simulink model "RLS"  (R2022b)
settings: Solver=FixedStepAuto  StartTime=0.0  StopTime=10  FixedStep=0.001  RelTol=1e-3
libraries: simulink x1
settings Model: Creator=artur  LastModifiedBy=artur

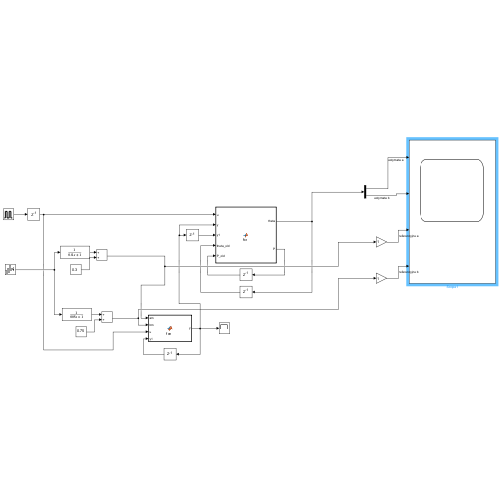
[thumbnail: Simulink's stored preview of the top-level diagram]
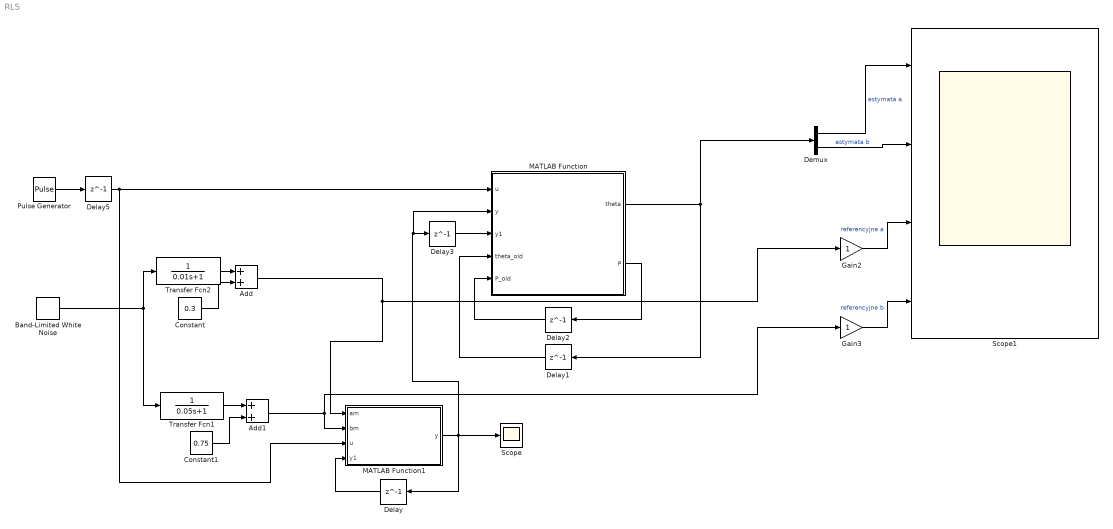
== system RLS ==
  Add : Sum
  Add1 : Sum
  Band-Limited White Noise : simulink/Sources/Band-Limited White Noise  Cov=[0.0001]  Ts=0.3  seed=[13524123]  VectorParams1D=off
  Constant : Constant  Value=0.3
  Constant1 : Constant  Value=0.75
  Delay : Delay  DelayLength=1  InitialCondition=0
  Delay1 : Delay  DelayLength=1  InitialCondition=[0.25 0.65]
  Delay2 : Delay  DelayLength=1  InitialCondition=eye(2)*10^6
  Delay3 : Delay  DelayLength=1  InitialCondition=0
  Delay5 : Delay  DelayLength=1  InitialCondition=0
  Demux : Demux  Outputs=2
  Gain2 : Gain
  Gain3 : Gain
  MATLAB Function : MATLAB Function  TreatAsAtomicUnit=on
  MATLAB Function1 : MATLAB Function  TreatAsAtomicUnit=on
  Pulse Generator : DiscretePulseGenerator  PulseType=Time based  Period=0.1  PulseWidth=50
  Scope : Scope
  Scope1 : Scope  NumInputPorts=4
  Transfer Fcn1 : TransferFcn  Denominator=[0.05 1]
  Transfer Fcn2 : TransferFcn  Denominator=[0.01 1]
  wires:
  MATLAB Function1/1(y) -> MATLAB Function/2(y), Delay3/1, Delay/1, Scope/1
  Delay/1 -> MATLAB Function1/4(y1)
  MATLAB Function/1(theta) -> Demux/1, Delay1/1
  Delay1/1 -> MATLAB Function/4(theta_old)
  MATLAB Function/2(P) -> Delay2/1
  Delay2/1 -> MATLAB Function/5(P_old)
  Delay3/1 -> MATLAB Function/3(y1)
  Delay5/1 -> MATLAB Function/1(u), MATLAB Function1/3(u)
  Pulse Generator/1 -> Delay5/1
  Demux/1 -> Scope1/1  "estymata a"
  Demux/2 -> Scope1/2  "estymata b"
  Gain2/1 -> Scope1/3  "referencyjne a"
  Gain3/1 -> Scope1/4  "referencyjne b"
  Constant/1 -> Add/2
  Constant1/1 -> Add1/2
  Band-Limited White Noise/1 -> Transfer Fcn2/1, Transfer Fcn1/1
  Add/1 -> MATLAB Function1/1(am), Gain2/1
  Add1/1 -> MATLAB Function1/2(bm), Gain3/1
  Transfer Fcn2/1 -> Add/1
  Transfer Fcn1/1 -> Add1/1

== matlab function RLS/MATLAB Function ==
  data: u input; theta output; y input; y1 input; theta_old input; P_old input; P output
function [theta,P] = fcn(u,y,y1,theta_old,P_old)

phi = [y1;u];
lambda = 0.97;

K = P_old * phi * 1/(lambda + phi'*P_old*phi);

P = 1/lambda * (eye(2) - K*phi') * P_old;

theta = theta_old + K * (y - phi'*theta_old);

== matlab function RLS/MATLAB Function1 ==
  data: am input; bm input; u input; y1 input; y output
function y = fcn(am,bm,u,y1)

y = am * y1 + bm * u;

· · ·

**EXERCISE GOAL**
Write every entry again exactly as given, skipping the pictures.

**RESULT OF THIS TASK**
simulink model "RLS"  (R2022b)
settings: Solver=FixedStepAuto  StartTime=0.0  StopTime=10  FixedStep=0.001  RelTol=1e-3
libraries: simulink x1
settings Model: Creator=artur  LastModifiedBy=artur

[thumbnail: Simulink's stored preview of the top-level diagram]
== system RLS ==
  Add : Sum
  Add1 : Sum
  Band-Limited White Noise : simulink/Sources/Band-Limited White Noise  Cov=[0.0001]  Ts=0.3  seed=[13524123]  VectorParams1D=off
  Constant : Constant  Value=0.3
  Constant1 : Constant  Value=0.75
  Delay : Delay  DelayLength=1  InitialCondition=0
  Delay1 : Delay  DelayLength=1  InitialCondition=[0.25 0.65]
  Delay2 : Delay  DelayLength=1  InitialCondition=eye(2)*10^6
  Delay3 : Delay  DelayLength=1  InitialCondition=0
  Delay5 : Delay  DelayLength=1  InitialCondition=0
  Demux : Demux  Outputs=2
  Gain2 : Gain
  Gain3 : Gain
  MATLAB Function : MATLAB Function  TreatAsAtomicUnit=on
  MATLAB Function1 : MATLAB Function  TreatAsAtomicUnit=on
  Pulse Generator : DiscretePulseGenerator  PulseType=Time based  Period=0.1  PulseWidth=50
  Scope : Scope
  Scope1 : Scope  NumInputPorts=4
  Transfer Fcn1 : TransferFcn  Denominator=[0.05 1]
  Transfer Fcn2 : TransferFcn  Denominator=[0.01 1]
  wires:
  MATLAB Function1/1(y) -> MATLAB Function/2(y), Delay3/1, Delay/1, Scope/1
  Delay/1 -> MATLAB Function1/4(y1)
  MATLAB Function/1(theta) -> Demux/1, Delay1/1
  Delay1/1 -> MATLAB Function/4(theta_old)
  MATLAB Function/2(P) -> Delay2/1
  Delay2/1 -> MATLAB Function/5(P_old)
  Delay3/1 -> MATLAB Function/3(y1)
  Delay5/1 -> MATLAB Function/1(u), MATLAB Function1/3(u)
  Pulse Generator/1 -> Delay5/1
  Demux/1 -> Scope1/1  "estymata a"
  Demux/2 -> Scope1/2  "estymata b"
  Gain2/1 -> Scope1/3  "referencyjne a"
  Gain3/1 -> Scope1/4  "referencyjne b"
  Constant/1 -> Add/2
  Constant1/1 -> Add1/2
  Band-Limited White Noise/1 -> Transfer Fcn2/1, Transfer Fcn1/1
  Add/1 -> MATLAB Function1/1(am), Gain2/1
  Add1/1 -> MATLAB Function1/2(bm), Gain3/1
  Transfer Fcn2/1 -> Add/1
  Transfer Fcn1/1 -> Add1/1

== matlab function RLS/MATLAB Function ==
  data: u input; theta output; y input; y1 input; theta_old input; P_old input; P output
function [theta,P] = fcn(u,y,y1,theta_old,P_old)

phi = [y1;u];
lambda = 0.97;

K = P_old * phi * 1/(lambda + phi'*P_old*phi);

P = 1/lambda * (eye(2) - K*phi') * P_old;

theta = theta_old + K * (y - phi'*theta_old);

== matlab function RLS/MATLAB Function1 ==
  data: am input; bm input; u input; y1 input; y output
function y = fcn(am,bm,u,y1)

y = am * y1 + bm * u;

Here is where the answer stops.